Zelfstudie Opdracht: Monogene overerving
Doelstellingen
Autosomaal dominant en recessief, X-gebonden dominant en recessief, Y-gebonden, mitochondrieel.
Nieuwe mutaties, mozaïcisme, locus- allelische- en fenotypische heterogeniteit, niet penetrantie, verlate
aanvangsleeftijd, variabele expressie, imprinting, anticipatie, pleiotropie, consanguiniteit
Wet v Hardy Weinberg, kent de limitaties, en kan uitleggen hoe de wet allelfrequenties in populaties
bepaalt.
Effect van bottlenecks, founder effecten, inbreeding, selectie en heterozygoot voordeel.
Opdrachten
Oefening 1
Bereken de genfrequentie en de carrier frequentie voor de volgende autosomaal recessieve
ziekten:
Incidentie:
1) Adenosine deaminase deficiëntie: 1/100.000
2) Medium keten acylCoAdehydrogenase: 1/10.000
3) Haemochromatose: 1/400
Oefening 2
Wat is de kans dat een gezonde broer of zus van een patiënt met een autosomaal recessieve
aandoening carrier is (beide ouders carrier)?
Oefening 3
De frequentie van sikkel cel anemie, een autosomaal recessieve aandoening is 1/625 bij
Amerikaanse zwarten. Wat is de kans dat een klinisch normale zuster van een patiënt met
sikkel cel anemie een aangetast kind heeft, wanneer ze trouwt met een niet verwante
Amerikaanse zwarte?
Oefening 4
De frequentie van het gen voor albinisme (autosomaal recessief) in een populatie is gekend: 1/200.
Wat is het risico op een aangetast kind van een aangetaste vrouw met een man die niet verwant
is en geen familieleden met albinisme heeft?
Oefening 5
Neem aan dat het voorkomen van sproeten een dominant kenmerk is.
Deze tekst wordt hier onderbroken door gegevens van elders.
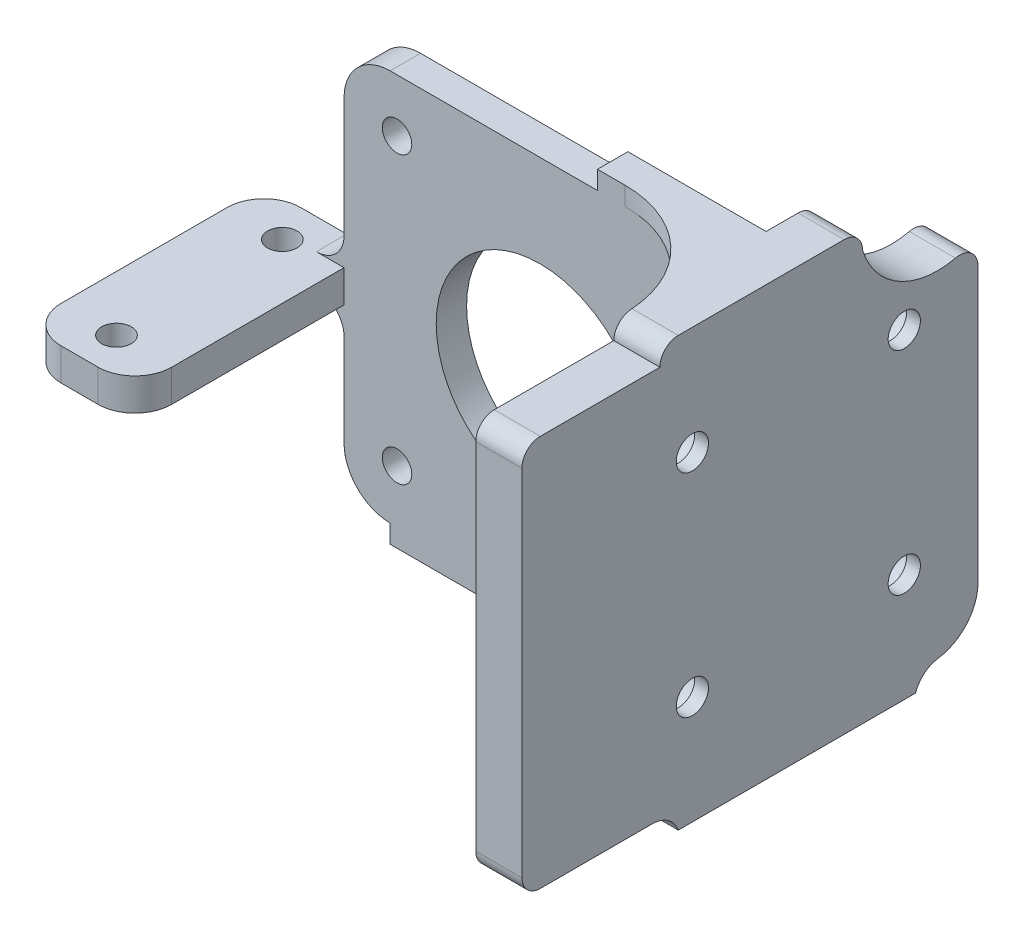
SolidWorks part; units mm, degrees
ref_plane "Alzado" through (0, 0, 0) normal (0, 0, 1) x (1, 0, 0)
ref_plane "Planta" through (0, 0, 0) normal (0, 1, 0) x (1, 0, 0)
ref_plane "Vista lateral" through (0, 0, 0) normal (1, 0, 0) x (0, 0, -1)
sketch "Croquis1" plane through (0, 0, 0) normal (1, 0, 0) x (0, 0, -1)
  line L1 (-23.5797, 14.1196) -> (18.9203, 14.1196)
  line L2 (-23.5797, 14.1196) -> (-23.5797, -28.3804)
  line L3 (-23.5797, -28.3804) -> (18.9203, -28.3804)
  line L4 (18.9203, 14.1196) -> (18.9203, -28.3804)
  dimension "D1" = 42.5
  dimension "D2" = 42.5
extrude "Saliente-Extruir1" add sketch "Croquis1" against normal blind 5
sketch "Croquis6" plane through (0, 0, -18.9203) normal (0, 0, -1) x (-1, 0, 0)
  line L4 (0, 14.1196) -> (0, -28.3804)
  line L5 (0, -28.3804) -> (5, -28.3804)
  line L6 (5, -28.3804) -> (5, 14.1196)
  line L7 (5, 14.1196) -> (0, 14.1196)
  line L8 (0, 14.1196) -> (0, -28.3804)
  line L9 (0, -28.3804) -> (5, -28.3804)
  line L10 (5, -28.3804) -> (5, 14.1196)
  line L11 (5, 14.1196) -> (0, 14.1196)
  dimension "D1" = 0
extrude "Saliente-Extruir2" add sketch "Croquis6" along normal blind 4
sketch "Croquis7" plane through (-5, 0, 0) normal (-1, 0, 0) x (0, 0, 1)
  line L0 (23.5797, -28.3804) -> (-22.9203, -28.3804) construction
  line L1 (-22.9203, 14.1196) -> (-18.9203, 14.1196)
  line L2 (-22.9203, 14.1196) -> (-22.9203, -28.3804)
  line L3 (-22.9203, -28.3804) -> (-18.9203, -28.3804)
  line L4 (-18.9203, 14.1196) -> (-18.9203, -28.3804)
  dimension "D1" = 4
extrude "Saliente-Extruir3" add sketch "Croquis7" along normal blind 42.5
sketch "Croquis8" plane through (0, 0, -18.9203) normal (0, 0, 1) x (1, 0, 0)
  line L0 (-47.5, 14.1196) -> (-41.75, 8.3696) construction
  line L1 (-47.5, -28.3804) -> (-41.75, -22.6304) construction
  line L2 (-40.6186, 7.2382) -> (-11.8814, -21.499) construction
  line L5 (-40.6186, -21.499) -> (-11.8814, 7.2382) construction
  line L7 (-40.6186, -21.499) -> (-11.8814, 7.2382) construction
  line L8 (-40.6186, 7.2382) -> (-11.8814, -21.499) construction
  line L9 (-10.75, 8.3696) -> (-5, 14.1196) construction
  line L10 (-10.75, -22.6304) -> (-5, -28.3804) construction
  circle A0 centre (-26.25, -7.1304) radius 11.25
  circle A1 centre (-41.75, 8.3696) radius 1.6
  circle A2 centre (-10.75, 8.3696) radius 1.6
  circle A3 centre (-10.75, -22.6304) radius 1.6
  circle A4 centre (-41.75, -22.6304) radius 1.6
  dimension "D1" = 22.5
  dimension "D4" = 31
  dimension "D2" = 31
  dimension "D3" = 31
extrude "Cortar-Extruir2" cut sketch "Croquis8" against normal blind 4
sketch "Croquis10" plane through (-47.5, 0, 0) normal (-1, 0, 0) x (0, 0, 1)
  line L0 (-18.9203, -28.3804) -> (-18.9203, 14.1196) construction
  line L1 (-22.9203, -28.3804) -> (-18.9203, -28.3804)
  line L3 (-22.9203, -8.3804) -> (-18.9203, -8.3804)
  line L4 (-22.9203, -8.3804) -> (-18.9203, -8.3804)
  line L5 (-22.9203, -8.3804) -> (-22.9203, -4.8804)
  line L6 (-22.9203, -4.8804) -> (-18.9203, -4.8804)
  line L7 (-18.9203, -8.3804) -> (-18.9203, -4.8804)
  line M3 (-22.9203, 14.1196) -> (-22.9203, -28.3804)
  line M5 (-18.9203, -28.3804) -> (-18.9203, 14.1196)
  dimension "D1" = 20
  dimension "D2" = 3.5
extrude "Saliente-Extruir4" add sketch "Croquis10" along normal blind 12 contours L6 L3 M3 M5
sketch "Croquis11" plane through (0, 0, -18.9203) normal (0, 0, 1) x (1, 0, 0)
  line L1 (-59.5, -4.8804) -> (-47.5, -4.8804)
  line L2 (-59.5, -4.8804) -> (-59.5, -8.3804)
  line L3 (-59.5, -8.3804) -> (-47.5, -8.3804)
  line L4 (-47.5, -4.8804) -> (-47.5, -8.3804)
extrude "Saliente-Extruir5" add sketch "Croquis11" along normal blind 22
sketch "Croquis12" plane through (0, -4.8804, 0) normal (0, 1, 0) x (1, 0, 0)
  line L0 (-59.5, 22.9203) -> (-47.5, -3.0797) construction
  line L1 (-59.5, -3.0797) -> (-47.5, 22.9203) construction
  circle A0 centre (-53.5, 18.9203) radius 1.6
  circle A1 centre (-53.5, 0.9203) radius 1.6
  point P11 (-53.5, 9.9203)
  dimension "D1" = 18
extrude "Cortar-Extruir4" cut sketch "Croquis12" against normal blind 3.5
fillet "Redondeo1" radius 5 2 edges at (-2.5, -28.3804, 23.5797) (-2.5, 14.1196, 23.5797)
fillet "Redondeo2" radius 5 2 edges at (-47.5, -28.3804, -20.9203) (-47.5, 14.1196, -20.9203)
fillet "Redondeo3" radius 4 3 edges at (-59.5, -6.6304, -22.9203) (-59.5, -6.6304, 3.0797) (-47.5, -6.6304, 3.0797)
sketch "Croquis13" plane through (0, 0, -18.9203) normal (0, 0, 1) x (1, 0, 0)
  line L7 (-47.5, -8.3804) -> (-47.5, -23.3804)
  line L8 (-42.5, -28.3804) -> (-5, -28.3804)
  line L9 (-5, -28.3804) -> (-5, 14.1196)
  line L10 (-5, 14.1196) -> (-42.5, 14.1196)
  line L11 (-47.5, 9.1196) -> (-47.5, -4.8804)
  line L13 (-47.5, -4.8804) -> (-47.5, -8.3804)
  line L14 (-47.5, -8.3804) -> (-47.5, -23.3804)
  line L15 (-42.5, -28.3804) -> (-5, -28.3804)
  line L16 (-5, -28.3804) -> (-5, 14.1196)
  line L17 (-5, 14.1196) -> (-42.5, 14.1196)
  line L18 (-47.5, 9.1196) -> (-47.5, -4.8804)
  line L20 (-47.5, -4.8804) -> (-47.5, -8.3804)
  arc A3 (-47.5, -23.3804) -> (-42.5, -28.3804) centre (-42.5, -23.3804) ccw
  arc A4 (-42.5, 14.1196) -> (-47.5, 9.1196) centre (-42.5, 9.1196) ccw
  arc A6 (-47.5, -23.3804) -> (-42.5, -28.3804) centre (-42.5, -23.3804) ccw
  arc A7 (-42.5, 14.1196) -> (-47.5, 9.1196) centre (-42.5, 9.1196) ccw
  dimension "D1" = 0
extrude "Cortar-Extruir5" cut sketch "Croquis13" against normal blind 0.7
sketch "Croquis14" plane through (0, 0, -22.9203) normal (0, 0, -1) x (-1, 0, 0)
  line L0 (0, -28.3804) -> (42.5, -28.3804) construction
  line L1 (0, 14.1196) -> (5, 14.1196)
  line L2 (0, 14.1196) -> (0, -28.3804)
  line L3 (0, -28.3804) -> (5, -28.3804)
  line L4 (5, 14.1196) -> (5, -28.3804)
  dimension "D1" = 5
extrude "Saliente-Extruir6" add sketch "Croquis14" along normal blind 18
sketch "Croquis15" plane through (0, 0, 0) normal (1, 0, 0) x (0, 0, -1)
  circle A0 centre (9.9203, 4.3696) radius 1.75
  circle A1 centre (32.9203, 4.3696) radius 1.75
  circle A2 centre (32.9203, -18.6304) radius 1.75
  circle A3 centre (9.9203, -18.6304) radius 1.75
  dimension "D1" = 23
  dimension "D2" = 23
extrude "Cortar-Extruir6" cut sketch "Croquis15" against normal blind 5
sketch "Croquis16" plane through (-5, 0, 0) normal (-1, 0, 0) x (0, 0, 1)
  circle A4 centre (-9.9203, 4.3696) radius 2.8
  circle A5 centre (-9.9203, -18.6304) radius 2.8
extrude "Cortar-Extruir7" cut sketch "Croquis16" against normal blind 3.5
sketch "Croquis17" plane through (-5, 0, 0) normal (-1, 0, 0) x (0, 0, 1)
  circle A4 centre (-32.9203, 4.3696) radius 2.8
  circle A5 centre (-32.9203, -18.6304) radius 2.8
extrude "Cortar-Extruir8" cut sketch "Croquis17" against normal blind 3.5
fillet "Redondeo5" radius 5 2 edges at (-2.5, -28.3804, -40.9203) (-2.5, 14.1196, -40.9203)
sketch "Croquis18" plane through (0, -8.3804, 0) normal (0, -1, 0) x (1, 0, 0)
  line L5 (-59.5, -0.9203) -> (-59.5, -18.9203)
  line L6 (-55.5, -22.9203) -> (-47.5, -22.9203)
  line L7 (-47.5, -22.9203) -> (-47.5, -19.6203)
  line L8 (-47.5, -19.6203) -> (-47.5, -0.9203)
  line L9 (-51.5, 3.0797) -> (-55.5, 3.0797)
  line L10 (-59.5, -0.9203) -> (-59.5, -18.9203)
  line L11 (-55.5, -22.9203) -> (-47.5, -22.9203)
  line L12 (-47.5, -22.9203) -> (-47.5, -19.6203)
  line L13 (-47.5, -19.6203) -> (-47.5, -0.9203)
  line L14 (-51.5, 3.0797) -> (-55.5, 3.0797)
  circle A0 centre (-53.5, -0.9203) radius 1.6 construction
  circle A1 centre (-53.5, -18.9203) radius 1.6 construction
  circle A2 centre (-53.5, -0.9203) radius 1.6
  arc A3 (-59.5, -18.9203) -> (-55.5, -22.9203) centre (-55.5, -18.9203) ccw
  arc A4 (-47.5, -0.9203) -> (-51.5, 3.0797) centre (-51.5, -0.9203) ccw
  arc A5 (-55.5, 3.0797) -> (-59.5, -0.9203) centre (-55.5, -0.9203) ccw
  arc A6 (-59.5, -18.9203) -> (-55.5, -22.9203) centre (-55.5, -18.9203) ccw
  arc A7 (-47.5, -0.9203) -> (-51.5, 3.0797) centre (-51.5, -0.9203) ccw
  arc A8 (-55.5, 3.0797) -> (-59.5, -0.9203) centre (-55.5, -0.9203) ccw
  circle A9 centre (-53.5, -18.9203) radius 1.6
  dimension "D1" = 0
extrude "Saliente-Extruir8" add sketch "Croquis18" along normal blind 2
sketch "Croquis19" plane through (0, -4.8804, 0) normal (0, 1, 0) x (1, 0, 0)
  line L0 (-51.5, -3.0797) -> (-55.5, -3.0797) construction
  line L1 (-59.5, 18.9203) -> (-59.5, 0.9203) construction
  line L2 (-55.5, 22.9203) -> (-47.5, 22.9203) construction
  line L3 (-47.5, 22.9203) -> (-47.5, 19.6203) construction
  line L4 (-47.5, 0.9203) -> (-47.5, 19.6203) construction
  line L5 (-51.5, -3.0797) -> (-55.5, -3.0797)
  line L6 (-59.5, 18.9203) -> (-59.5, 0.9203)
  line L7 (-55.5, 22.9203) -> (-47.5, 22.9203)
  line L8 (-47.5, 22.9203) -> (-47.5, 19.6203)
  line L9 (-47.5, 0.9203) -> (-47.5, 19.6203)
  arc A0 (-51.5, -3.0797) -> (-47.5, 0.9203) centre (-51.5, 0.9203) ccw construction
  arc A1 (-59.5, 0.9203) -> (-55.5, -3.0797) centre (-55.5, 0.9203) ccw construction
  arc A2 (-55.5, 22.9203) -> (-59.5, 18.9203) centre (-55.5, 18.9203) ccw construction
  circle A3 centre (-53.5, 18.9203) radius 1.6 construction
  circle A4 centre (-53.5, 0.9203) radius 1.6 construction
  arc A5 (-51.5, -3.0797) -> (-47.5, 0.9203) centre (-51.5, 0.9203) ccw
  arc A6 (-59.5, 0.9203) -> (-55.5, -3.0797) centre (-55.5, 0.9203) ccw
  arc A7 (-55.5, 22.9203) -> (-59.5, 18.9203) centre (-55.5, 18.9203) ccw
  circle A8 centre (-53.5, 18.9203) radius 1.6
  circle A9 centre (-53.5, 0.9203) radius 1.6
extrude "Cortar-Extruir9" cut sketch "Croquis19" against normal blind 2
fillet "Redondeo7" radius 3 1 edges at (-47.5, -6.8804, -21.2703)
fillet "Redondeo8" radius 3 1 edges at (-47.5, -10.3804, -21.2703)
sketch "Croquis20" plane through (0, -28.3804, 0) normal (0, -1, 0) x (1, 0, 0)
  line L8 (-5, -22.9203) -> (-5, -35.9203)
  line L9 (-5, -35.9203) -> (0, -35.9203)
  line L10 (0, -35.9203) -> (0, 18.5797)
  line L11 (0, 18.5797) -> (-5, 18.5797)
  line L12 (-5, 18.5797) -> (-5, -19.6203)
  line L13 (-5, -19.6203) -> (-42.5, -19.6203)
  line L14 (-42.5, -19.6203) -> (-42.5, -22.9203)
  line L15 (-42.5, -22.9203) -> (-5, -22.9203)
  line L16 (-5, -22.9203) -> (-5, -35.9203)
  line L17 (-5, -35.9203) -> (0, -35.9203)
  line L18 (0, -35.9203) -> (0, 18.5797)
  line L20 (-5, 18.5797) -> (-5, -19.6203)
  line L21 (-5, -19.6203) -> (-42.5, -19.6203)
  line L22 (-42.5, -19.6203) -> (-42.5, -22.9203)
  line L23 (-42.5, -22.9203) -> (-5, -22.9203)
  line L25 (0, 18.5797) -> (-5, 18.5797)
  dimension "D1" = 0
extrude "Saliente-Extruir9" add sketch "Croquis20" along normal blind 2
sketch "Croquis21" plane through (0, -30.3804, 0) normal (0, -1, 0) x (1, 0, 0)
  line L0 (-42.5, -22.9203) -> (-5, -22.9203) construction
  line L9 (-5, -35.9203) -> (-5, -22.9203)
  line L10 (-5, -22.9203) -> (-16.2298, -22.9203)
  line L11 (-5, 18.5797) -> (-5, -19.6203) construction
  line L12 (-5, -19.6203) -> (-42.5, -19.6203) construction
  line L13 (-5, -19.6203) -> (-16.2298, -19.6203)
  line L14 (-5, -19.6203) -> (-5, -4.3631)
  arc A0 (-5, -35.9203) -> (-16.2298, -22.9203) centre (-17.1149, -35.0352) ccw
  arc A1 (-5, -4.3631) -> (-16.2298, -19.6203) centre (-18.2435, -6.3768) cw
  line M9 (-42.5, -22.9203) -> (-5, -22.9203)
  line M10 (-5, -22.9203) -> (-5, -35.9203)
  line M15 (-5, -19.6203) -> (-42.5, -19.6203)
extrude "Saliente-Extruir10" add sketch "Croquis21" against normal blind 2 contours L14 A1 M15 | A0 M10 M9
sketch "Croquis22" plane through (-5, 0, 0) normal (-1, 0, 0) x (0, 0, 1)
  line L1 (-8.3905, -30.3804) -> (18.5797, -30.3804)
  line L2 (-8.3905, -30.3804) -> (-8.3905, -28.3804)
  line L3 (-8.3905, -28.3804) -> (18.5797, -28.3804)
  line L4 (18.5797, -30.3804) -> (18.5797, -28.3804)
extrude "Cortar-Extruir10" cut sketch "Croquis22" against normal blind 5
sketch "Croquis23" plane through (-5, 0, 0) normal (-1, 0, 0) x (0, 0, 1)
  line L1 (-35.9203, -28.3804) -> (-34.1501, -28.3804)
  line L2 (-35.9203, -28.3804) -> (-35.9203, -30.3804)
  line L3 (-35.9203, -30.3804) -> (-34.1501, -30.3804)
  line L4 (-34.1501, -28.3804) -> (-34.1501, -30.3804)
extrude "Cortar-Extruir11" cut sketch "Croquis23" against normal blind 5
fillet "Redondeo9" radius 3 2 edges at (-2.5, -28.3804, -34.1501) (-2.5, -28.3804, -8.3905)
sketch "Croquis24" plane through (0, 0, 0) normal (1, 0, 0) x (0, 0, -1)
  line L0 (-18.5797, -28.3804) -> (5.562, -28.3804) construction
  line L1 (-23.5797, 9.1196) -> (-23.5797, -23.3804) construction
  line L2 (35.9203, 14.1196) -> (-18.5797, 14.1196) construction
  line L3 (-18.5797, -28.3804) -> (-8.5797, -28.3804)
  line L4 (-23.5797, 9.1196) -> (-23.5797, -23.3804)
  line L5 (-8.5797, 14.1196) -> (-18.5797, 14.1196)
  line L6 (-8.5797, 14.1196) -> (-8.5797, -28.3804)
  line L7 (40.9203, 9.1196) -> (40.9203, -23.3804) construction
  line L8 (-8.5797, 14.1196) -> (-18.5797, 14.1196)
  line L9 (35.9203, 14.1196) -> (28.3962, 14.1196)
  arc A0 (-23.5797, -23.3804) -> (-18.5797, -28.3804) centre (-18.5797, -23.3804) ccw construction
  arc A1 (-18.5797, 14.1196) -> (-23.5797, 9.1196) centre (-18.5797, 9.1196) ccw construction
  arc A2 (-23.5797, -23.3804) -> (-18.5797, -28.3804) centre (-18.5797, -23.3804) ccw
  arc A3 (-18.5797, 14.1196) -> (-23.5797, 9.1196) centre (-18.5797, 9.1196) ccw
  arc A5 (28.3962, 14.1196) -> (40.9152, 9.344) centre (36.5203, 16.6196) ccw
  arc A6 (40.9203, 9.1196) -> (35.9203, 14.1196) centre (35.9203, 9.1196) ccw construction
  arc A7 (40.9152, 9.344) -> (35.9203, 14.1196) centre (35.9203, 9.1196) ccw
  point P12 (0, 0)
  point P13 (0, 0)
  point P14 (35.8515, 16.6196)
  dimension "D2" = 17
  dimension "D1" = 15
  dimension "D3" = 2.5
  dimension "D4" = 4.4
extrude "Cortar-Extruir12" cut sketch "Croquis24" along direction (1, 0, 0) on the side against the normal up to surface (5 mm away) contours L3 L6 L5 A3 L4 A2 | A5 A7 L9
fillet "Redondeo10" radius 2 3 edges at (-2.5, 9.344, -40.9152) (-2.5, -28.3804, 8.5797) (-2.5, 14.1196, 8.5797)
sketch "Croquis25" plane through (0, 14.1196, 0) normal (0, 1, 0) x (1, 0, 0)
  line L0 (-20, 22.9203) -> (-20, 19.6203)
  line L1 (0, 6.3962) -> (-5, 6.3962)
  line L8 (-5, 19.6203) -> (-5, -6.5797)
  line L9 (-5, -6.5797) -> (0, -6.5797)
  line L10 (0, -6.5797) -> (0, 28.3962)
  line L11 (0, 28.3962) -> (-5, 28.3962)
  line L12 (-5, 28.3962) -> (-5, 22.9203)
  line L13 (-5, 22.9203) -> (-42.5, 22.9203)
  line L14 (-42.5, 22.9203) -> (-42.5, 19.6203)
  line L15 (-42.5, 19.6203) -> (-5, 19.6203)
  line L16 (-5, 7.6203) -> (-5, 6.3962)
  line L18 (0, 6.3962) -> (0, 28.3962)
  line L19 (0, 28.3962) -> (-5, 28.3962)
  line L20 (-5, 28.3962) -> (-5, 22.9203)
  line L21 (-5, 22.9203) -> (-20, 22.9203)
  line L23 (-20, 19.6203) -> (-17, 19.6203)
  arc A0 (-5, 7.6203) -> (-17, 19.6203) centre (-17, 7.6203) ccw
  dimension "D2" = 12
  dimension "D3" = 22
  dimension "D4" = 15
  dimension "D1" = 0
extrude "Saliente-Extruir11" add sketch "Croquis25" along normal blind 2
fillet "Redondeo11" radius 2 2 edges at (-2.5, 16.1196, -28.3962) (-2.5, 16.1196, -6.3962)

In een familie hebben beide
ouders sproeten. Hun dochter heeft geen sproeten, hun zoon wel. Wat zijn de genotypes?
Oefening 6
Neem aan dat vaste oorlelletjes recessief zijn t.o.v. vrije oorlelletjes. Een man en een vrouw
hebben beide vrije oorlelletjes, maar beide hebben een vader met vaste oorlelletjes. Geef de
stamboom en de genotypes. Kan dit koppel een kind met vaste oorlelletjes hebben?
Oefening 7
Een man is kleurenblind (X-gebonden recessief), net zoals zijn broer. Zijn dochter is zwanger. Wat is
haar kans op een aangetast kind?
Oefening 8
, De incidentie van Duchenne spierdystrofie is ongeveer 1/3500 jongetjes. Wat is de frequentie van
vrouwelijke draagsters voor deze ziekte?
Oefening 9
Twee fenotypisch normale mensen trouwen. Ongelukkigerwijs hebben ze een gemeenschappelijke
overgrootvader die leed aan een zeldzame autosomaal recessieve ziekte (incidentie 1/30.000). Neem
aan dat de aangetrouwden in de familie geen carrier of patiënten voor de ziekte zijn, dat er geen
eerdere consanguiniteit is, en dat er geen andere aangetasten in de familie zijn. Wat is de kans
dat het eerste kind van dit koppel aangetast zal zijn. Teken de stamboom
Oefening 10
Twee mensen willen samen kinderen, maar zijn er zich niet van bewust dat ze een
gezamenlijke bet- overgrootmoeder hebben, die heterozygoot was voor een zeer zeldzame
autosomaal recessieve ziekte. Wat is de probabiliteit dat hun eerste kind is aangetast?
Oefening 11
Twee mensen ontmoeten elkaar wanneer ze een voordracht over een zeldzame autosomaal
recessieve ziekte bijwonen, die werd ingericht door een patiënten zelfhulpgroep. Ze hebben beide een
broer of zus met de ziekte. Ze worden verliefd, en willen samen kinderen. Wat is de kans dat hun
eerste kind aangetast zal zijn
Oefening 12
Geef de meest waarschijnlijke overervingswijze voor de volgende stamboom. Ga er van uit dat er geen
complexerende factoren optreden.
Oefening 13
Je bent onderzoeker, en je onderzoekt een familie (stamboom gegeven). Je denkt dat dit een
autosomaal dominante overerving is, en omwille van de vader-zoon overerving denk je dat een X-
gebonden overerving niet mogelijk is. Een collega met zeer veel ervaring denkt echter, op basis
van de klinische symptomen van de familie, dat dit veroorzaakt wordt door een bepaald gen op
het X chromosoom. Is dit mogelijk? Motiveer je antwoord.